Una de esas chabolas era la casa de Maomao. En la estrecha casa de dos habitaciones, un hombre encorvado molía hierbas en un mortero. Era un hombre con un rostro suave y arrugado, como el de una anciana.
—Ya estoy en casa, viejo.
—¡Oh! Llegas tarde, niña.
Se saludaron como de costumbre. El viejo, con su cojera, le preparó el té como si nada. Lo sirvió en una taza vetusta y se lo dio. Maomao le contó poco a poco lo que había pasado, y él solo le dio la razón.

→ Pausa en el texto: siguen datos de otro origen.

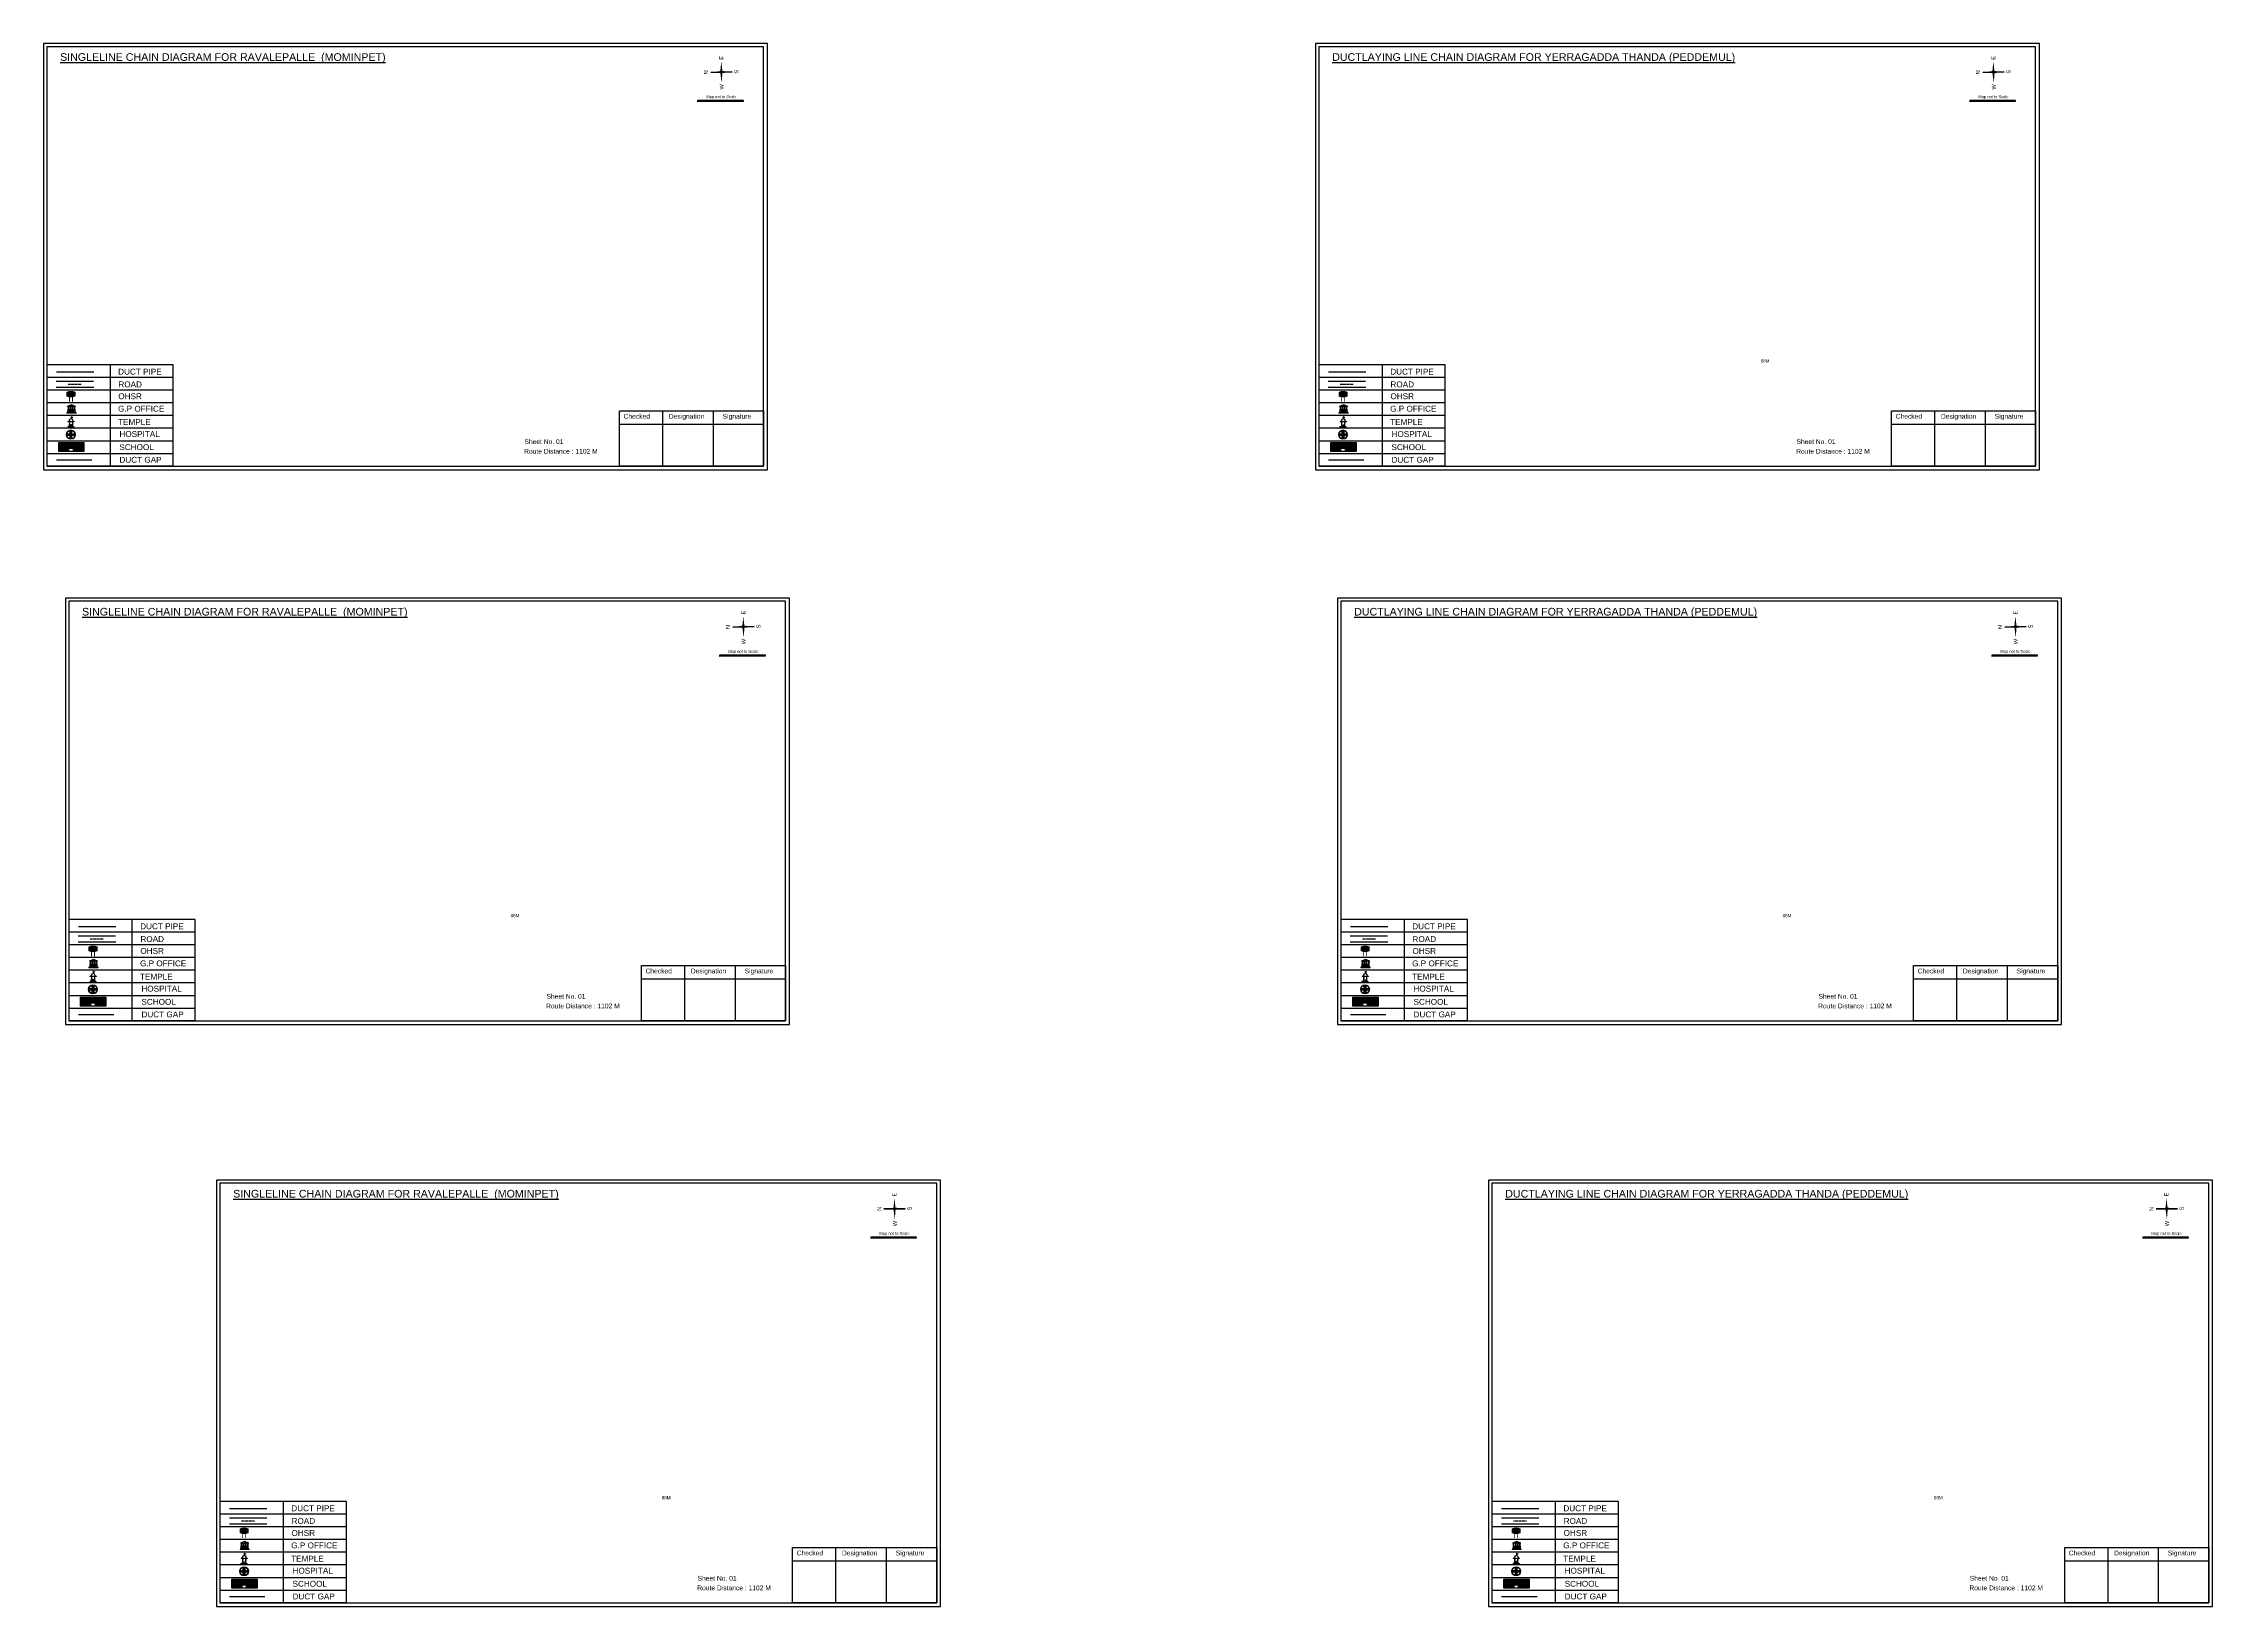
# Model space of a CAD drawing. Header units: inches. Extents: x -117 to 51867, y -12715 to 3423.
# Drawn here: x 35783 to 38450, y -10334 to -8412 of the extents above; entities that cross this region are included whole.
import ezdxf

# ---------------------------------------------------------------- set-up
doc = ezdxf.new("R2010")
doc.units = ezdxf.units.IN
doc.header["$MEASUREMENT"] = 0
doc.linetypes.add('DASHEDX2', pattern=[1.5, 1, -0.5])
doc.layers.add('LANDMARK', color=7, linetype='Continuous')
doc.layers.add('OHT', color=7, linetype='Continuous')
doc.styles.get("Standard").update_dxf_attribs({"font": 'arial.ttf'})

# ---------------------------------------------------------------- blocks, each defined once
blk = doc.blocks.new('OHT')
at = {"linetype": 'Continuous', "lineweight": 0, "true_color": 0x0ffffc}
blk.add_hatch(color=4, dxfattribs=at).paths.add_polyline_path([(0.01, 1), (0, 1, 0.101323), (-0.4, 0.92), (-0.4, 0.52, 0.194075), (0.4, 0.52), (0.4, 0.92, 0.097877)])
at = {"color": 4, "linetype": 'Continuous', "lineweight": 0, "true_color": 0x0ffffc, "flags": 128}
for points in [[(-0.4, 0.52), (-0.4, 0.92)], [(0.4, 0.52), (0.4, 0.92)]]:
    blk.add_lwpolyline(points, dxfattribs=at)
at = {"color": 4, "linetype": 'Continuous', "lineweight": 0, "true_color": 0x0ffffc, "const_width": 0.075, "flags": 128}
for points in [[(-0.15, 0), (-0.15, 0.48)], [(0.15, 0), (0.15, 0.47)]]:
    blk.add_lwpolyline(points, dxfattribs=at)
at = {"color": 4, "linetype": 'Continuous', "lineweight": 0, "true_color": 0x0ffffc}
for centre, radius, start, end in [((0.01, -0.02), 1.02, 67.3109, 113.4711), ((0, 1.51), 1.07, 247.7682, 291.7007)]:
    blk.add_arc(centre, radius, start, end, dxfattribs=at)
blk = doc.blocks.new('Government_Office')
at = {"linetype": 'Continuous', "lineweight": 0, "true_color": 0xff0000}
for points in [[(-0.5, 0.05), (0.5, 0.05), (0.5, 0), (-0.5, 0)], [(-0.45, 0.08), (-0.45, 0.12), (0.45, 0.12), (0.45, 0.08)], [(-0.4, 0.14), (-0.4, 0.18), (0.4, 0.18), (0.4, 0.14)]]:
    blk.add_hatch(color=1, dxfattribs=at).paths.add_polyline_path(points)
h = blk.add_hatch(color=1, dxfattribs=at)
h.paths.add_polyline_path([(0.44, 0.72), (0.45, 0.75), (0, 0.93), (-0.45, 0.75), (-0.44, 0.72)])
h.paths.add_polyline_path([(0.36, 0.75), (-0.36, 0.75), (0, 0.9)], flags=16)
h.paths.add_polyline_path([(0, 0.78, -1), (0, 0.87, -1)], flags=0)
h = blk.add_hatch(color=1, dxfattribs=at)
edge = h.paths.add_edge_path()
edge.add_line((-0.27, 0.2), (-0.3, 0.68))
edge.add_line((-0.3, 0.68), (-0.29, 0.68))
edge.add_arc((-0.28, 0.69), 0.0176, 225.304, 441.5659)
edge.add_line((-0.28, 0.7), (-0.39, 0.7))
edge.add_arc((-0.39, 0.69), 0.0176, 98.4341, 314.696)
edge.add_line((-0.38, 0.68), (-0.37, 0.68))
edge.add_line((-0.37, 0.68), (-0.4, 0.2))
edge.add_line((-0.4, 0.2), (-0.27, 0.2))
h = blk.add_hatch(color=1, dxfattribs=at)
edge = h.paths.add_edge_path()
edge.add_line((-0.05, 0.2), (-0.07, 0.68))
edge.add_line((-0.07, 0.68), (-0.07, 0.68))
edge.add_arc((-0.05, 0.69), 0.0176, 225.304, 441.5659)
edge.add_line((-0.05, 0.7), (-0.17, 0.7))
edge.add_arc((-0.17, 0.69), 0.0176, 98.4341, 314.696)
edge.add_line((-0.16, 0.68), (-0.15, 0.68))
edge.add_line((-0.15, 0.68), (-0.18, 0.2))
edge.add_line((-0.18, 0.2), (-0.05, 0.2))
h = blk.add_hatch(color=1, dxfattribs=at)
edge = h.paths.add_edge_path()
edge.add_arc((0, 0.83), 0.0467, 90, 270)
edge.add_arc((0, 0.83), 0.0467, 270, 450)
h = blk.add_hatch(color=1, dxfattribs=at)
edge = h.paths.add_edge_path()
edge.add_line((0.18, 0.2), (0.15, 0.68))
edge.add_line((0.15, 0.68), (0.16, 0.68))
edge.add_arc((0.17, 0.69), 0.0176, 225.304, 441.5659)
edge.add_line((0.17, 0.7), (0.05, 0.7))
edge.add_arc((0.05, 0.69), 0.0176, 98.4341, 314.696)
edge.add_line((0.07, 0.68), (0.07, 0.68))
edge.add_line((0.07, 0.68), (0.05, 0.2))
edge.add_line((0.05, 0.2), (0.18, 0.2))
h = blk.add_hatch(color=1, dxfattribs=at)
edge = h.paths.add_edge_path()
edge.add_line((0.4, 0.2), (0.37, 0.68))
edge.add_line((0.37, 0.68), (0.38, 0.68))
edge.add_arc((0.39, 0.69), 0.0176, 225.304, 441.5659)
edge.add_line((0.4, 0.7), (0.28, 0.7))
edge.add_arc((0.28, 0.69), 0.0176, 98.4341, 314.696)
edge.add_line((0.29, 0.68), (0.3, 0.68))
edge.add_line((0.3, 0.68), (0.27, 0.2))
edge.add_line((0.27, 0.2), (0.4, 0.2))
at = {"color": 1, "linetype": 'Continuous', "lineweight": 0, "true_color": 0xff0000, "flags": 128}
for points in [[(-0.5, 0.05), (0.5, 0.05), (0.5, 0), (-0.5, 0)], [(-0.45, 0.75), (-0.44, 0.72), (0.44, 0.72), (0.45, 0.75), (0, 0.93)], [(-0.45, 0.08), (-0.45, 0.12), (0.45, 0.12), (0.45, 0.08)], [(-0.4, 0.14), (-0.4, 0.18), (0.4, 0.18), (0.4, 0.14)], [(-0.36, 0.75), (0.36, 0.75), (0, 0.9)]]:
    blk.add_lwpolyline(points, close=True, dxfattribs=at)
for points in [[(-0.27, 0.2), (-0.3, 0.68), (-0.29, 0.68, 1.379694), (-0.28, 0.7), (-0.39, 0.7, 1.379694), (-0.38, 0.68), (-0.37, 0.68), (-0.4, 0.2)], [(-0.05, 0.2), (-0.07, 0.68), (-0.07, 0.68, 1.379694), (-0.05, 0.7), (-0.17, 0.7, 1.379694), (-0.16, 0.68), (-0.15, 0.68), (-0.18, 0.2)], [(0, 0.87, 1), (0, 0.78, 1)], [(0.18, 0.2), (0.15, 0.68), (0.16, 0.68, 1.379694), (0.17, 0.7), (0.05, 0.7, 1.379694), (0.07, 0.68), (0.07, 0.68), (0.05, 0.2)], [(0.4, 0.2), (0.37, 0.68), (0.38, 0.68, 1.379694), (0.4, 0.7), (0.28, 0.7, 1.379694), (0.29, 0.68), (0.3, 0.68), (0.27, 0.2)]]:
    blk.add_lwpolyline(points, format="xyb", close=True, dxfattribs=at)
blk = doc.blocks.new('Temple')
at = {"linetype": 'Continuous', "lineweight": 0, "true_color": 0xff0000}
h = blk.add_hatch(color=1, dxfattribs=at)
edge = h.paths.add_edge_path()
edge.add_line((0.17, 0.49), (0.22, 0.49))
edge.add_line((0.22, 0.49), (0.22, 0.5))
edge.add_line((0.22, 0.5), (0.31, 0.5))
edge.add_line((0.31, 0.5), (0.31, 0.53))
edge.add_line((0.31, 0.53), (0.26, 0.53))
edge.add_line((0.26, 0.53), (0.26, 0.54))
edge.add_line((0.26, 0.54), (0.2, 0.54))
edge.add_spline(control_points=[(0.2, 0.54), (0.2, 0.59), (0.19, 0.64), (0.14, 0.74), (0.09, 0.79), (0.03, 0.8), (0.02, 0.81), (0.01, 0.81)], knot_values=[4.712389, 4.712389, 4.712389, 4.712389, 5.278166, 5.278166, 6.117402, 6.117402, 6.223801, 6.223801, 6.223801, 6.223801], degree=3, periodic=0)
edge.add_line((0.01, 0.81), (0.01, 0.79))
edge.add_line((0.01, 0.79), (-0.01, 0.79))
edge.add_line((-0.01, 0.79), (-0.01, 0.81))
edge.add_spline(control_points=[(-0.01, 0.81), (-0.05, 0.8), (-0.1, 0.78), (-0.17, 0.7), (-0.2, 0.63), (-0.2, 0.55), (-0.2, 0.55), (-0.2, 0.54)], knot_values=[6.343965, 6.343965, 6.343965, 6.343965, 6.956638, 6.956638, 7.795874, 7.795874, 7.853982, 7.853982, 7.853982, 7.853982], degree=3, periodic=0)
edge.add_line((-0.2, 0.54), (-0.26, 0.54))
edge.add_line((-0.26, 0.54), (-0.26, 0.53))
edge.add_line((-0.26, 0.53), (-0.31, 0.53))
edge.add_line((-0.31, 0.53), (-0.31, 0.5))
edge.add_line((-0.31, 0.5), (-0.22, 0.5))
edge.add_line((-0.22, 0.5), (-0.22, 0.49))
edge.add_line((-0.22, 0.49), (-0.17, 0.49))
edge.add_line((-0.17, 0.49), (-0.17, 0.07))
edge.add_arc((-0.2, 0.07), 0.03, -90, 0, ccw=False)
edge.add_line((-0.2, 0.04), (-0.26, 0.04))
edge.add_line((-0.26, 0.04), (-0.26, 0.03))
edge.add_line((-0.26, 0.03), (-0.31, 0.03))
edge.add_line((-0.31, 0.03), (-0.31, 0))
edge.add_line((-0.31, 0), (0.31, 0))
edge.add_line((0.31, 0), (0.31, 0.03))
edge.add_line((0.31, 0.03), (0.26, 0.03))
edge.add_line((0.26, 0.03), (0.26, 0.04))
edge.add_line((0.26, 0.04), (0.2, 0.04))
edge.add_arc((0.2, 0.07), 0.03, 180, 270, ccw=False)
edge.add_line((0.17, 0.07), (0.17, 0.49))
h.paths.add_polyline_path([(0.12, 0.07, -0.414214), (0.1, 0.04), (0.05, 0.04), (0.05, 0.03), (-0.05, 0.03), (-0.05, 0.04), (-0.1, 0.04, -0.414214), (-0.12, 0.07), (-0.12, 0.5), (0.12, 0.5)], flags=16)
edge = h.paths.add_edge_path(flags=16)
edge.add_ellipse((0, 0.54), major_axis=(0, 0.242), ratio=0.722808, start_angle=270, end_angle=450, ccw=False)
edge.add_line((0.17, 0.54), (-0.17, 0.54))
h.paths.add_polyline_path([(0.01, 0.23), (0.01, 0.07), (-0.01, 0.07), (-0.01, 0.23)], flags=0)
at = {"linetype": 'Continuous', "lineweight": 0, "true_color": 0xe66000}
blk.add_hatch(color=32, dxfattribs=at).paths.add_polyline_path([(-0.01, 1), (0.15, 0.93), (0, 0.85)])
at = {"linetype": 'Continuous', "lineweight": 0, "true_color": 0xff0000}
h = blk.add_hatch(color=1, dxfattribs=at)
edge = h.paths.add_edge_path()
edge.add_line((0.01, 0.86), (0, 0.85))
edge.add_line((0, 0.85), (0, 0.93))
edge.add_line((0, 0.93), (-0.01, 0.93))
edge.add_line((-0.01, 0.93), (-0.01, 0.81))
edge.add_spline(control_points=[(-0.01, 0.81), (0, 0.81), (0, 0.81), (0.01, 0.81)], knot_values=[6.223801, 6.223801, 6.223801, 6.223801, 6.343965, 6.343965, 6.343965, 6.343965], degree=3, periodic=0)
edge.add_line((0.01, 0.81), (0.01, 0.86))
h = blk.add_hatch(color=1, dxfattribs=at)
edge = h.paths.add_edge_path()
edge.add_line((0.01, 0.79), (0.01, 0.81))
edge.add_spline(control_points=[(0.01, 0.81), (0, 0.81), (0, 0.81), (-0.01, 0.81)], knot_values=[6.223801, 6.223801, 6.223801, 6.223801, 6.343965, 6.343965, 6.343965, 6.343965], degree=3, periodic=0)
edge.add_line((-0.01, 0.81), (-0.01, 0.79))
edge.add_line((-0.01, 0.79), (0.01, 0.79))
at = {"color": 1, "linetype": 'Continuous', "lineweight": 0, "true_color": 0xff0000, "flags": 128}
blk.add_lwpolyline([(0.2, 0.54), (0.26, 0.54), (0.26, 0.53), (0.31, 0.53), (0.31, 0.5), (0.22, 0.5), (0.22, 0.49), (0.17, 0.49), (0.17, 0.07, 0.414214), (0.2, 0.04), (0.26, 0.04), (0.26, 0.03), (0.31, 0.03), (0.31, 0), (-0.31, 0), (-0.31, 0.03), (-0.26, 0.03), (-0.26, 0.04), (-0.2, 0.04, 0.414214), (-0.17, 0.07), (-0.17, 0.49), (-0.22, 0.49), (-0.22, 0.5), (-0.31, 0.5), (-0.31, 0.53), (-0.26, 0.53), (-0.26, 0.54), (-0.2, 0.54)], format="xyb", dxfattribs=at)
blk.add_lwpolyline([(-0.17, 0.54), (0.17, 0.54)], dxfattribs=at)
blk.add_lwpolyline([(0.12, 0.5), (0.12, 0.07, -0.414214), (0.1, 0.04), (0.05, 0.04), (0.05, 0.03), (-0.05, 0.03), (-0.05, 0.04), (-0.1, 0.04, -0.414214), (-0.12, 0.07), (-0.12, 0.5)], format="xyb", close=True, dxfattribs=at)
at = {"color": 32, "linetype": 'Continuous', "lineweight": 0, "true_color": 0xe66000, "flags": 128}
blk.add_lwpolyline([(-0.01, 1), (0.15, 0.93), (0, 0.85), (-0.01, 1)], dxfattribs=at)
at = {"color": 1, "linetype": 'Continuous', "lineweight": 0, "true_color": 0xff0000, "flags": 128}
for points in [[(0.01, 0.93), (-0.01, 0.93), (-0.01, 0.79), (0.01, 0.79)], [(0.01, 0.23), (-0.01, 0.23), (-0.01, 0.07), (0.01, 0.07)]]:
    blk.add_lwpolyline(points, close=True, dxfattribs=at)
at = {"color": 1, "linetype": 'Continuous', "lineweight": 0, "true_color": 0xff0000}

Después de cenar gachas de arroz, con hierbas y patatas para espesarlas, se fue a dormir. Maomao decidió que al día siguiente se bañaría en la Casa Verdigris. Se acurrucó en su cama, que era una simple estera de paja en el suelo. El viejo le puso otra capa de tela encima y siguió moliendo en el mortero para no dejar que el fuego del horno se apagara.
—El palacio interior, ¿eh? Qué irónico —murmuró el viejo, y sus palabras desaparecieron en la somnolencia de Maomao.